Are there any error messages, either to the screen or to a log file?

If you describe the specific software you are running and how you are running it (e.g. command line arguments), maybe someone will be able to help. At present there doesn’t seem to be enough information provided here that would allow a third party to analyze the issue or provide advice.

What are the hardware specifications of the system, besides the two GPUs: What CPU, how much system memory? What is the nominal wattage of the power supply unit (PSU)?

Thanks for helping me

yes i use specific software (pytorch)
it has a module for using multi gpu
if i need for training10GB this module distribute for multi GPU
so each GPU allocate 5GB

So i doubt 2 Side.

  1. I can’t use 2 types of GPU on CUDA 11.1
  2. pytorch distribute module does not work w/ 2types of GPU

I found a specifications
but i can’t find PSU info
CPU: 2 x Intel(R) Xeon(R) Silver 4210R CPU @ 2.40GHz
Memory : 128GB

The reason I asked for the hardware configuration is because people in the machine learning community sometimes just start cramming GPUs into a system without considering the resulting power requirements.

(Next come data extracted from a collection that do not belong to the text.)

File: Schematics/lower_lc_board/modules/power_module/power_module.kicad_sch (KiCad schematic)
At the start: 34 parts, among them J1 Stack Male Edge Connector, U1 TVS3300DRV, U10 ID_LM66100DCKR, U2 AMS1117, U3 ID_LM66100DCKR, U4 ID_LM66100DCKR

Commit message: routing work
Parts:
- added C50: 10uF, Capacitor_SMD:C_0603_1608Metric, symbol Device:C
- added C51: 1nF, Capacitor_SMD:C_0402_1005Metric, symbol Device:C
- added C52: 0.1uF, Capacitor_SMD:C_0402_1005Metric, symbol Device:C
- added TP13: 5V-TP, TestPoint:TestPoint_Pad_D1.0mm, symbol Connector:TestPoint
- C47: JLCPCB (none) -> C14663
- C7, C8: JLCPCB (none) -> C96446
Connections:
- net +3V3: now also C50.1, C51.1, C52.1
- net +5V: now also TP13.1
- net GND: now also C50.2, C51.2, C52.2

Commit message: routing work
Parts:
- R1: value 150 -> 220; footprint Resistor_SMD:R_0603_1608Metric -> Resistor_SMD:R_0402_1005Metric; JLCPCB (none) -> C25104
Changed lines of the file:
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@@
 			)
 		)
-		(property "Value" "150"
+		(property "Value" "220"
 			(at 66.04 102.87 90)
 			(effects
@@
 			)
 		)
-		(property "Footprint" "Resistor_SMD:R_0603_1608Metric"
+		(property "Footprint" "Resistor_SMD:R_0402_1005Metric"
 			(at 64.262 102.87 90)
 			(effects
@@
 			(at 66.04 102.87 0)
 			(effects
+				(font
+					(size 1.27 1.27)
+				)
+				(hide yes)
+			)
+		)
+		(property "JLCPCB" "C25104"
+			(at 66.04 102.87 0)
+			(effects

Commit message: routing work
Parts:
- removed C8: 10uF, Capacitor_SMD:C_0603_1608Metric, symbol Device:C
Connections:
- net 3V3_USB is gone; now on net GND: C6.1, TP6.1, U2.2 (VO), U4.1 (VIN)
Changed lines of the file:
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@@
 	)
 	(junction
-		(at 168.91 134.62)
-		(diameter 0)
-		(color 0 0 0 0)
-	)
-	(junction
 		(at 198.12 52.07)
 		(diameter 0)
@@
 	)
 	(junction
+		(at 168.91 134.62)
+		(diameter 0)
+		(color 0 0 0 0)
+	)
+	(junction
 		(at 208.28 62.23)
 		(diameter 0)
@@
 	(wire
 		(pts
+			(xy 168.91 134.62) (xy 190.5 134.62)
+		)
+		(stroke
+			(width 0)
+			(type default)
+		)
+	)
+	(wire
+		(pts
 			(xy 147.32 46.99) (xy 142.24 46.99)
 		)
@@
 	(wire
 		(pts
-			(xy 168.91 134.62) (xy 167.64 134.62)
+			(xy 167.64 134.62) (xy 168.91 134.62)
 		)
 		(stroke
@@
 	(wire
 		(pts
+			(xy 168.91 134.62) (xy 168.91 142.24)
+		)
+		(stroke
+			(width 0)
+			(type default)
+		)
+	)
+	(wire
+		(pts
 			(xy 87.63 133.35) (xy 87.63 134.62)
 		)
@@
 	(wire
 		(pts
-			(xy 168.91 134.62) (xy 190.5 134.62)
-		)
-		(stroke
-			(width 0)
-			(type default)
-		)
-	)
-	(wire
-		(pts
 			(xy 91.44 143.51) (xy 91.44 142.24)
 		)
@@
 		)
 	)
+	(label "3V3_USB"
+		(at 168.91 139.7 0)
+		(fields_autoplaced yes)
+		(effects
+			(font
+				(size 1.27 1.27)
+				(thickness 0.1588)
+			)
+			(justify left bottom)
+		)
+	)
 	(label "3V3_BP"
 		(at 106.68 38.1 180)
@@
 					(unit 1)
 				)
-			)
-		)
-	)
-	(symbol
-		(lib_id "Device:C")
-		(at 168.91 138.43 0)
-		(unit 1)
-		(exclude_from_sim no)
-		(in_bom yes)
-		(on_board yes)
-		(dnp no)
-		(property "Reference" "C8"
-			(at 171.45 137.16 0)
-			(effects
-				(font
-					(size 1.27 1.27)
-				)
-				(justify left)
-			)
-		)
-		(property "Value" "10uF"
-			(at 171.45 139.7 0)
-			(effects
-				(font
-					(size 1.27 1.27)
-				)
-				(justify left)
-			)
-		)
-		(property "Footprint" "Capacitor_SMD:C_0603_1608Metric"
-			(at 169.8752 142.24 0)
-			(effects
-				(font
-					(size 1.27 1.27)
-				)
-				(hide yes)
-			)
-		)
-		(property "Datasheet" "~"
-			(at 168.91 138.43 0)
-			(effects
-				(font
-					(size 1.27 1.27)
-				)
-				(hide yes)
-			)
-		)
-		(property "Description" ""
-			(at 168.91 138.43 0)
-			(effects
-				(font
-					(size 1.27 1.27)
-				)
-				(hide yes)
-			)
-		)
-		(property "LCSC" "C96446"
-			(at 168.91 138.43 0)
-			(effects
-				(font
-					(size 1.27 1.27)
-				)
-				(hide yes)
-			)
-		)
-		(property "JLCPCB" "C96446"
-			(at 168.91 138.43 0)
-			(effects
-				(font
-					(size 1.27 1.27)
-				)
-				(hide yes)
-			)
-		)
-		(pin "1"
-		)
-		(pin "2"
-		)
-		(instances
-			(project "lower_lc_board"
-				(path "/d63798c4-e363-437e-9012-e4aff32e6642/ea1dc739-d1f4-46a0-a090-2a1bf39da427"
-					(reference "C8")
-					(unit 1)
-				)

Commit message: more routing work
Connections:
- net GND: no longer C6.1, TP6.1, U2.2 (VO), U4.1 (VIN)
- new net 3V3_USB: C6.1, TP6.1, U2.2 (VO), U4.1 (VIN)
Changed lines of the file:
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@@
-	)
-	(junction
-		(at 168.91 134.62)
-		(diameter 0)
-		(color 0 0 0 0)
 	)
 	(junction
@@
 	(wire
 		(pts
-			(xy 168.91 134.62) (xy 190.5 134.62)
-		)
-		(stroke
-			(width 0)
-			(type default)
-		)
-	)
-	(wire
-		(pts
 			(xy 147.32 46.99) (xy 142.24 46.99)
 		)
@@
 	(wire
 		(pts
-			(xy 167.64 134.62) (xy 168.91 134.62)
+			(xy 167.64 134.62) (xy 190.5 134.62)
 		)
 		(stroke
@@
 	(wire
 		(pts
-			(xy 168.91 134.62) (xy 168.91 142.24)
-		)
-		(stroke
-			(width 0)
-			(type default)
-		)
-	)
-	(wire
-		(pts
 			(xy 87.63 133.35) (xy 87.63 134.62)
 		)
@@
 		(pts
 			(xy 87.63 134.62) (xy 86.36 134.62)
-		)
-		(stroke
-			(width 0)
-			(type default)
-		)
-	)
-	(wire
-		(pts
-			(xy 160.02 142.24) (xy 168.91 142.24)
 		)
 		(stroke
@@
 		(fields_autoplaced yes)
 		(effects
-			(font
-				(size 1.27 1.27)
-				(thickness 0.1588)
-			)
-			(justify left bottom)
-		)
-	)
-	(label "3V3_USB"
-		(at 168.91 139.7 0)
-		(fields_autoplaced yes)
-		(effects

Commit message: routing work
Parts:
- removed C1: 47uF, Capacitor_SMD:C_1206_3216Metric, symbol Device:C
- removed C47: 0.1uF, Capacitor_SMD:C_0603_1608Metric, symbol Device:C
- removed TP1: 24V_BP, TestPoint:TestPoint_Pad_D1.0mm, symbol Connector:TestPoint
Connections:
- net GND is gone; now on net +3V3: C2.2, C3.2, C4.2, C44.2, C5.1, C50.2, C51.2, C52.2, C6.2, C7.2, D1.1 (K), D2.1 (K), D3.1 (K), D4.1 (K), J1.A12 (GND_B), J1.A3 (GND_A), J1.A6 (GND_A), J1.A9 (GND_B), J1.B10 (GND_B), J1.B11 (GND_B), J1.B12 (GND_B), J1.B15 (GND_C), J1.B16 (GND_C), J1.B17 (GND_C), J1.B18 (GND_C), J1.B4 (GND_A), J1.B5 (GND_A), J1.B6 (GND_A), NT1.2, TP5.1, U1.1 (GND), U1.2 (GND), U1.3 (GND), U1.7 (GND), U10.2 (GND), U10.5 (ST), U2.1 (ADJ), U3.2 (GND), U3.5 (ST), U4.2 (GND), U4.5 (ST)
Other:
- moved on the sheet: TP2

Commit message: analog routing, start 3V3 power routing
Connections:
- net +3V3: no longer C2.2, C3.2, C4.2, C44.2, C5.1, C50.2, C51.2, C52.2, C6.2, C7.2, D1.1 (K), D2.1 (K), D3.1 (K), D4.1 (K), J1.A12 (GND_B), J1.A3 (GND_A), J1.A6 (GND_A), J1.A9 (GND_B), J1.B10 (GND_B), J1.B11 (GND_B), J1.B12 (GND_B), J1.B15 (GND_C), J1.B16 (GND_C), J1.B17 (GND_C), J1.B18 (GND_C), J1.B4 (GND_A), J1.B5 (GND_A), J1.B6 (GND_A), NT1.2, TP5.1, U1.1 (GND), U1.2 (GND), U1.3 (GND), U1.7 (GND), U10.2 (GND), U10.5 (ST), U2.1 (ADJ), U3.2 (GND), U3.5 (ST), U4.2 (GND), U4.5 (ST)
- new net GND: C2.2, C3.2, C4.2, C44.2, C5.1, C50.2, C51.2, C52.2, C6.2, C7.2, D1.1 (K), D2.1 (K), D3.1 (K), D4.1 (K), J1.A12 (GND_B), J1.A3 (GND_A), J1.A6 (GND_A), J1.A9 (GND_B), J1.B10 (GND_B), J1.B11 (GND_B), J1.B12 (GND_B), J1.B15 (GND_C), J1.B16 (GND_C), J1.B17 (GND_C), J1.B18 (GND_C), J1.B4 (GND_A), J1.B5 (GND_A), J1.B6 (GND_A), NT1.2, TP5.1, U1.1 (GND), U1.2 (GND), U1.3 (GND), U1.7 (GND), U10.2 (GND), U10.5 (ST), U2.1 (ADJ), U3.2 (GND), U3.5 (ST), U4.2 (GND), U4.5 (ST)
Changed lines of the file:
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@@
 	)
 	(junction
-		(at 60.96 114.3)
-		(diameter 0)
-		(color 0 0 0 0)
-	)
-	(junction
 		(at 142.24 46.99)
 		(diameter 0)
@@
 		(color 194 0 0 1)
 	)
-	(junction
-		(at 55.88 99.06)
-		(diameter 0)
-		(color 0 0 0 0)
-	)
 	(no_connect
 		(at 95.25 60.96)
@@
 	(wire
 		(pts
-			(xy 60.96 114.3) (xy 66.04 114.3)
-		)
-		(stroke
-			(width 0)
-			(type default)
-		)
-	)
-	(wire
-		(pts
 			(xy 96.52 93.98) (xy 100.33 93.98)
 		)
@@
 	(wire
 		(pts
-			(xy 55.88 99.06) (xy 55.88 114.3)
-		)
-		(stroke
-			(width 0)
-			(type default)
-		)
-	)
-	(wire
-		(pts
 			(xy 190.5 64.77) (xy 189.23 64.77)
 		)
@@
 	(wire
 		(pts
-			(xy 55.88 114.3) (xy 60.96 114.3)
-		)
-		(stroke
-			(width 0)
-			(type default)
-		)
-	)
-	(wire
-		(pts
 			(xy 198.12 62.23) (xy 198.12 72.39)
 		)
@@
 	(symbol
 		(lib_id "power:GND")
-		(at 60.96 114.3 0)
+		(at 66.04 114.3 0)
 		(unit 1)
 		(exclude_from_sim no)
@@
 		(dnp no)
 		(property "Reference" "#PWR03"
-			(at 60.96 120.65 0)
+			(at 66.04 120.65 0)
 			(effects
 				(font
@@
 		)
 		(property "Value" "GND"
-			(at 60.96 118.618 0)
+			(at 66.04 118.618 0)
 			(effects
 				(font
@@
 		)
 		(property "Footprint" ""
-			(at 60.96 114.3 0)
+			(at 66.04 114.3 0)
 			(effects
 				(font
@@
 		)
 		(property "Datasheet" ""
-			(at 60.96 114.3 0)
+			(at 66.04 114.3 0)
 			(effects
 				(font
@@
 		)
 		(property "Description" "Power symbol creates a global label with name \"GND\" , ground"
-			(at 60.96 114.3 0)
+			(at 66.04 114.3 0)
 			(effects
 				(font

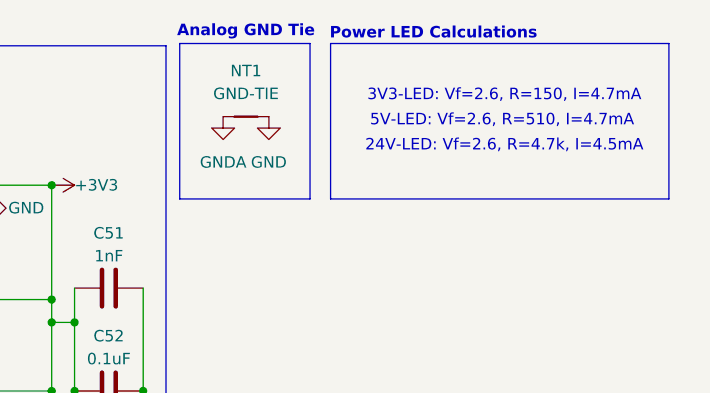
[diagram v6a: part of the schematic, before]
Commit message: remove AGND
simplicity
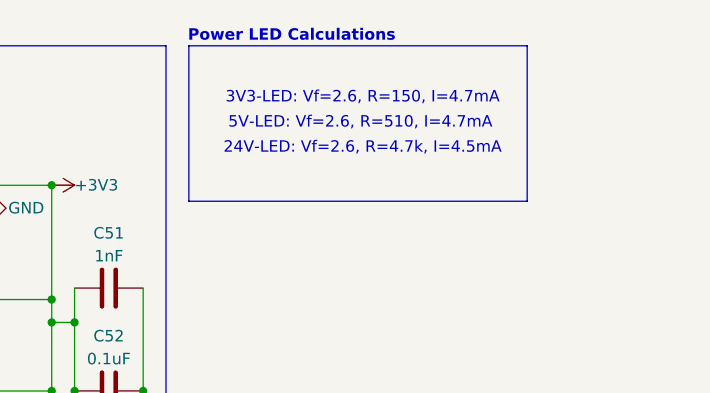
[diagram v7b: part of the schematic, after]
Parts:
- removed NT1: GND-TIE, NetTie:NetTie-2_SMD_Pad0.5mm, symbol Device:NetTie_2
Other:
- note removed: "Analog GND Tie"
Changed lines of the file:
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@@
 	)
 	(rectangle
-		(start 229.108 23.622)
-		(end 266.7 40.894)
+		(start 213.36 23.876)
+		(end 250.952 41.148)
 		(stroke
 			(width 0)
@@
 	)
 	(rectangle
-		(start 212.344 23.622)
-		(end 226.822 40.894)
-		(stroke
-			(width 0)
-			(type default)
-			(color 0 0 0 1)
-		)
-		(fill
-			(type none)
-		)
-	)
-	(rectangle
 		(start 130.302 23.876)
 		(end 210.82 101.6)
@@
 	(text "24V-LED: Vf=2.6, R=4.7k, I=4.5mA"
 		(exclude_from_sim no)
-		(at 248.412 35.052 0)
+		(at 232.664 35.306 0)
 		(effects
 			(font
@@
 	(text "3V3-LED: Vf=2.6, R=150, I=4.7mA"
 		(exclude_from_sim no)
-		(at 248.412 29.464 0)
+		(at 232.664 29.718 0)
 		(effects
 			(font
@@
 		)
 	)
-	(text "Analog GND Tie"
-		(exclude_from_sim no)
-		(at 219.71 22.352 0)
-		(effects
-			(font
-				(size 1.27 1.27)
-				(thickness 0.254)
-				(bold yes)
-				(color 0 0 0 1)
-			)
-		)
-	)
 	(text "Power LED Calculations\n"
 		(exclude_from_sim no)
-		(at 240.538 22.606 0)
+		(at 224.79 22.86 0)
 		(effects
 			(font
@@
 	(text "5V-LED: Vf=2.6, R=510, I=4.7mA"
 		(exclude_from_sim no)
-		(at 248.158 32.258 0)
+		(at 232.41 32.512 0)
 		(effects
 			(font
@@
 	)
 	(symbol
-		(lib_id "power:GND")
-		(at 222.25 31.75 0)
-		(unit 1)
-		(exclude_from_sim no)
-		(in_bom yes)
-		(on_board yes)
-		(dnp no)
-		(fields_autoplaced yes)
-		(property "Reference" "#PWR0108"
-			(at 222.25 38.1 0)
-			(effects
-				(font
-					(size 1.27 1.27)
-				)
-				(hide yes)
-			)
-		)
-		(property "Value" "GND"
-			(at 222.25 36.83 0)
-			(effects
-				(font
-					(size 1.27 1.27)
-				)
-			)
-		)
-		(property "Footprint" ""
-			(at 222.25 31.75 0)
-			(effects
-				(font
-					(size 1.27 1.27)
-				)
-				(hide yes)
-			)
-		)
-		(property "Datasheet" ""
-			(at 222.25 31.75 0)
-			(effects
-				(font
-					(size 1.27 1.27)
-				)
-				(hide yes)
-			)
-		)
-		(property "Description" "Power symbol creates a global label with name \"GND\" , ground"
-			(at 222.25 31.75 0)
-			(effects
-				(font
-					(size 1.27 1.27)
-				)
-				(hide yes)
-			)
-		)
-		(pin "1"
-		)
-		(instances
-			(project ""
-				(path "/d63798c4-e363-437e-9012-e4aff32e6642/ea1dc739-d1f4-46a0-a090-2a1bf39da427"
-					(reference "#PWR0108")
-					(unit 1)
-				)
-			)
-		)
-	)
-	(symbol
 		(lib_id "Device:LED")
 		(at 104.14 105.41 90)
@@
 	)
 	(symbol
-		(lib_id "power:GNDA")
-		(at 217.17 31.75 0)
-		(unit 1)
-		(exclude_from_sim no)
-		(in_bom yes)
-		(on_board yes)
-		(dnp no)
-		(fields_autoplaced yes)
-		(property "Reference" "#PWR0109"
-			(at 217.17 38.1 0)
-			(effects
-				(font
-					(size 1.27 1.27)
-				)
-				(hide yes)
-			)
-		)
-		(property "Value" "GNDA"
-			(at 217.17 36.83 0)
-			(effects
-				(font
-					(size 1.27 1.27)
-				)
-			)
-		)
-		(property "Footprint" ""
-			(at 217.17 31.75 0)
-			(effects
-				(font
-					(size 1.27 1.27)
-				)
-				(hide yes)
-			)
-		)
-		(property "Datasheet" ""
-			(at 217.17 31.75 0)
-			(effects
-				(font
-					(size 1.27 1.27)
-				)
-				(hide yes)
-			)
-		)
-		(property "Description" "Power symbol creates a global label with name \"GNDA\" , analog ground"
-			(at 217.17 31.75 0)
-			(effects
-				(font
-					(size 1.27 1.27)
-				)
-				(hide yes)
-			)
-		)
-		(pin "1"
-		)
-		(instances
-			(project ""
-				(path "/d63798c4-e363-437e-9012-e4aff32e6642/ea1dc739-d1f4-46a0-a090-2a1bf39da427"
-					(reference "#PWR0109")
-					(unit 1)
-				)
-			)
-		)
-	)
-	(symbol
 		(lib_id "power:GND")
 		(at 143.51 69.85 0)
@@
 					(unit 1)
 				)
-			)
-		)
-	)
-	(symbol
-		(lib_id "Device:NetTie_2")
-		(at 219.71 31.75 0)
-		(unit 1)
-		(exclude_from_sim no)
-		(in_bom no)
-		(on_board yes)
-		(dnp no)
-		(fields_autoplaced yes)
-		(property "Reference" "NT1"
-			(at 219.71 26.67 0)
-			(effects
-				(font
-					(size 1.27 1.27)
-				)
-			)
-		)
-		(property "Value" "GND-TIE"
-			(at 219.71 29.21 0)
-			(effects
-				(font
-					(size 1.27 1.27)
-				)
-			)
-		)
-		(property "Footprint" "NetTie:NetTie-2_SMD_Pad0.5mm"
-			(at 219.71 31.75 0)
-			(effects
-				(font
-					(size 1.27 1.27)
-				)
-				(hide yes)
-			)
-		)
-		(property "Datasheet" "~"
-			(at 219.71 31.75 0)
-			(effects
-				(font
-					(size 1.27 1.27)
-				)
-				(hide yes)
-			)
-		)
-		(property "Description" "Net tie, 2 pins"
-			(at 219.71 31.75 0)
-			(effects
-				(font
-					(size 1.27 1.27)
-				)
-				(hide yes)
-			)
-		)
-		(pin "1"
-		)
-		(pin "2"
-		)
-		(instances
-			(project ""
-				(path "/d63798c4-e363-437e-9012-e4aff32e6642/ea1dc739-d1f4-46a0-a090-2a1bf39da427"
-					(reference "NT1")
-					(unit 1)
-				)

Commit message: adjust routing for 0603 min. footprints
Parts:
- R1: footprint Resistor_SMD:R_0402_1005Metric -> Resistor_SMD:R_0603_1608Metric; JLCPCB C25104 -> (none)
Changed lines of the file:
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@@
 			)
 		)
-		(property "Footprint" "Resistor_SMD:R_0402_1005Metric"
+		(property "Footprint" "Resistor_SMD:R_0603_1608Metric"
 			(at 64.262 102.87 90)
 			(effects
@@
 			)
 		)
-		(property "JLCPCB" "C25104"
+		(property "JLCPCB" ""
 			(at 66.04 102.87 0)
 			(effects

In your system, we have 2x100W for the two CPUs, 280W +350W for the GPUs, 50W for the system memory, 25W for the motherboard components, 5W per mass storage unit (SSD or HDD). So at minimum a total of 910W. That is for thermal design power (TDP), without considering power peaks due to load variance on CPUs and GPUs. If you want rock-solid operation for this system, you would want a power supply unit with 1500W or more in this system. So it would make sense to search for the PSU specifications.

I don’t use pyTorch, but I assume it can be run with numerous different configuration settings and numerous different input files. Maybe there wasn’t enough memory available. Maybe multi-GPU is only supported when both GPUs are of identical type. If there is a condition that prevents pyTorch from running, I would expect there to be an error message of some sort. Or, if your software calls an API provided by pyTorch, you may need to check the error status it returns. That is why I asked about checking for error message.

CUDA definitely supports running multiple GPUs of different type in the same system, provided they can all use the same driver. In fact, that is a very common scenario.The Titan RTX is a Turing-architecture GPU, while the RTX 3090 is an Ampere-architecture GPU. Both are supported by CUDA 11.1 and the driver that ships with it.